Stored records
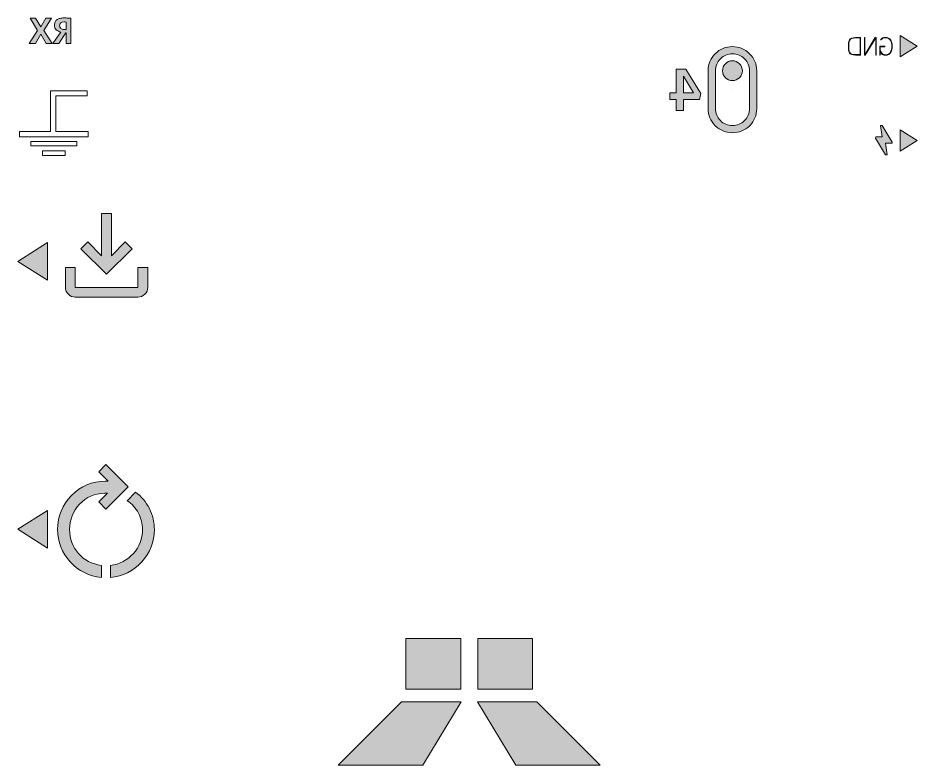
# Model space of a CAD drawing. Header units: centimetres. Extents: x 0.09 to 3.73, y -8.23 to -2.14.
# Drawn here: x 0.094 to 3.733, y -8.231 to -5.207 of the extents above; entities that cross this region are included whole.
import ezdxf

# ---------------------------------------------------------------- set-up
doc = ezdxf.new("R2010")
doc.units = ezdxf.units.CM
doc.header["$MEASUREMENT"] = 0
doc.layers.add('Camada 1', color=7, linetype='Continuous', lineweight=0)

# ---------------------------------------------------------------- blocks, each defined once
blk = doc.blocks.new('Block_0')
at = {"layer": 'Camada 1', "color": 250, "lineweight": 0, "true_color": 0x1d1d1b}
for points in [[(0.1, -5.6661), (0.1, -5.688), (0.378, -5.688), (0.378, -5.6661), (0.2478, -5.6661), (0.2478, -5.5226), (0.3741, -5.5226), (0.3741, -5.5014), (0.2263, -5.5014), (0.2263, -5.6661)], [(0.3317, -5.7249), (0.1464, -5.7249), (0.1464, -5.7069), (0.3317, -5.7069)], [(0.2854, -5.7641), (0.1927, -5.7641), (0.1927, -5.7451), (0.2854, -5.7451)]]:
    blk.add_lwpolyline(points, close=True, dxfattribs=at)
blk = doc.blocks.new('Block_4')
at = {"layer": 'Camada 1', "true_color": 0x1d1d1b, "transparency": 33554687}
h = blk.add_hatch(color=250, dxfattribs=at)
h.dxf.hatch_style = 2
edge = h.paths.add_edge_path()
edge.add_spline(control_points=[(0.1396, -5.3097), (0.1396, -5.3097), (0.1733, -5.2573), (0.1733, -5.2573), (0.1733, -5.2573), (0.1431, -5.2074), (0.1431, -5.2074), (0.1431, -5.2074), (0.1655, -5.2074), (0.1655, -5.2074), (0.1655, -5.2074), (0.1861, -5.2429), (0.1861, -5.2429), (0.1861, -5.2429), (0.2069, -5.2074), (0.2069, -5.2074), (0.2069, -5.2074), (0.2298, -5.2074), (0.2298, -5.2074), (0.2298, -5.2074), (0.1992, -5.2575), (0.1992, -5.2575), (0.1992, -5.2575), (0.2318, -5.3097), (0.2318, -5.3097), (0.2318, -5.3097), (0.2084, -5.3097), (0.2084, -5.3097), (0.2084, -5.3097), (0.1864, -5.2721), (0.1864, -5.2721), (0.1864, -5.2721), (0.1645, -5.3097), (0.1645, -5.3097), (0.1645, -5.3097), (0.1396, -5.3097), (0.1396, -5.3097)], knot_values=[0, 0, 0, 0, 1, 1, 1, 2, 2, 2, 3, 3, 3, 4, 4, 4, 5, 5, 5, 6, 6, 6, 7, 7, 7, 8, 8, 8, 9, 9, 9, 10, 10, 10, 11, 11, 11, 12, 12, 12, 12], degree=3, periodic=0)
h = blk.add_hatch(color=250, dxfattribs=at)
h.dxf.hatch_style = 2
edge = h.paths.add_edge_path()
edge.add_spline(control_points=[(0.2678, -5.2492), (0.2711, -5.252), (0.2758, -5.2534), (0.2818, -5.2534), (0.2833, -5.2534), (0.2847, -5.2533), (0.2859, -5.2533), (0.2872, -5.2532), (0.2882, -5.2532), (0.2889, -5.253), (0.2889, -5.253), (0.2889, -5.2235), (0.2889, -5.2235), (0.2879, -5.2233), (0.2867, -5.2232), (0.2853, -5.2231), (0.2839, -5.2231), (0.2826, -5.223), (0.2812, -5.223), (0.2688, -5.223), (0.2627, -5.228), (0.2627, -5.2378), (0.2627, -5.2426), (0.2644, -5.2464), (0.2678, -5.2492)], knot_values=[0, 0, 0, 0, 1, 1, 1, 2, 2, 2, 3, 3, 3, 4, 4, 4, 5, 5, 5, 6, 6, 6, 7, 7, 7, 8, 8, 8, 8], degree=3, periodic=0)
edge = h.paths.add_edge_path()
edge.add_spline(control_points=[(0.2352, -5.3097), (0.2352, -5.3097), (0.2598, -5.2753), (0.2598, -5.2753), (0.2611, -5.2736), (0.2625, -5.2718), (0.2639, -5.2699), (0.2653, -5.268), (0.2667, -5.266), (0.2681, -5.2641), (0.2643, -5.2635), (0.2608, -5.2624), (0.2575, -5.2608), (0.2543, -5.2592), (0.2515, -5.2571), (0.2493, -5.2546), (0.247, -5.2522), (0.2452, -5.2494), (0.2439, -5.2462), (0.2427, -5.243), (0.2421, -5.2395), (0.2421, -5.2356), (0.2421, -5.2304), (0.2429, -5.2259), (0.2447, -5.2223), (0.2465, -5.2187), (0.249, -5.2157), (0.2522, -5.2134), (0.2555, -5.2112), (0.2593, -5.2095), (0.2639, -5.2084), (0.2684, -5.2074), (0.2735, -5.2068), (0.2792, -5.2068), (0.2852, -5.2068), (0.2905, -5.2069), (0.2953, -5.207), (0.3001, -5.2071), (0.3045, -5.2073), (0.3086, -5.2074), (0.3086, -5.2074), (0.3086, -5.3097), (0.3086, -5.3097), (0.3086, -5.3097), (0.2889, -5.3097), (0.2889, -5.3097), (0.2889, -5.3097), (0.2889, -5.2674), (0.2889, -5.2674), (0.2889, -5.2674), (0.2881, -5.2674), (0.2881, -5.2674), (0.2881, -5.2674), (0.2596, -5.3097), (0.2596, -5.3097), (0.2596, -5.3097), (0.2352, -5.3097), (0.2352, -5.3097)], knot_values=[0, 0, 0, 0, 1, 1, 1, 2, 2, 2, 3, 3, 3, 4, 4, 4, 5, 5, 5, 6, 6, 6, 7, 7, 7, 8, 8, 8, 9, 9, 9, 10, 10, 10, 11, 11, 11, 12, 12, 12, 13, 13, 13, 14, 14, 14, 15, 15, 15, 16, 16, 16, 17, 17, 17, 18, 18, 18, 19, 19, 19, 19], degree=3, periodic=0)
at = {"layer": 'Camada 1'}
for points, knots in [([(0.1396, -5.3097), (0.1396, -5.3097), (0.1733, -5.2573), (0.1733, -5.2573), (0.1733, -5.2573), (0.1431, -5.2074), (0.1431, -5.2074), (0.1431, -5.2074), (0.1655, -5.2074), (0.1655, -5.2074), (0.1655, -5.2074), (0.1861, -5.2429), (0.1861, -5.2429), (0.1861, -5.2429), (0.2069, -5.2074), (0.2069, -5.2074), (0.2069, -5.2074), (0.2298, -5.2074), (0.2298, -5.2074), (0.2298, -5.2074), (0.1992, -5.2575), (0.1992, -5.2575), (0.1992, -5.2575), (0.2318, -5.3097), (0.2318, -5.3097), (0.2318, -5.3097), (0.2084, -5.3097), (0.2084, -5.3097), (0.2084, -5.3097), (0.1864, -5.2721), (0.1864, -5.2721), (0.1864, -5.2721), (0.1645, -5.3097), (0.1645, -5.3097), (0.1645, -5.3097), (0.1396, -5.3097), (0.1396, -5.3097)], [0, 0, 0, 0, 1, 1, 1, 2, 2, 2, 3, 3, 3, 4, 4, 4, 5, 5, 5, 6, 6, 6, 7, 7, 7, 8, 8, 8, 9, 9, 9, 10, 10, 10, 11, 11, 11, 12, 12, 12, 12]), ([(0.2352, -5.3097), (0.2352, -5.3097), (0.2598, -5.2753), (0.2598, -5.2753), (0.2611, -5.2736), (0.2625, -5.2718), (0.2639, -5.2699), (0.2653, -5.268), (0.2667, -5.266), (0.2681, -5.2641), (0.2643, -5.2635), (0.2608, -5.2624), (0.2575, -5.2608), (0.2543, -5.2592), (0.2515, -5.2571), (0.2493, -5.2546), (0.247, -5.2522), (0.2452, -5.2494), (0.2439, -5.2462), (0.2427, -5.243), (0.2421, -5.2395), (0.2421, -5.2356), (0.2421, -5.2304), (0.2429, -5.2259), (0.2447, -5.2223), (0.2465, -5.2187), (0.249, -5.2157), (0.2522, -5.2134), (0.2555, -5.2112), (0.2593, -5.2095), (0.2639, -5.2084), (0.2684, -5.2074), (0.2735, -5.2068), (0.2792, -5.2068), (0.2852, -5.2068), (0.2905, -5.2069), (0.2953, -5.207), (0.3001, -5.2071), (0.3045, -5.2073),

• _Task prompt_:
For the string "ezdxf", go through the entries above and copy each line where it occurs.

• _Exercise response_:
import ezdxf
doc = ezdxf.new("R2010")
doc.units = ezdxf.units.CM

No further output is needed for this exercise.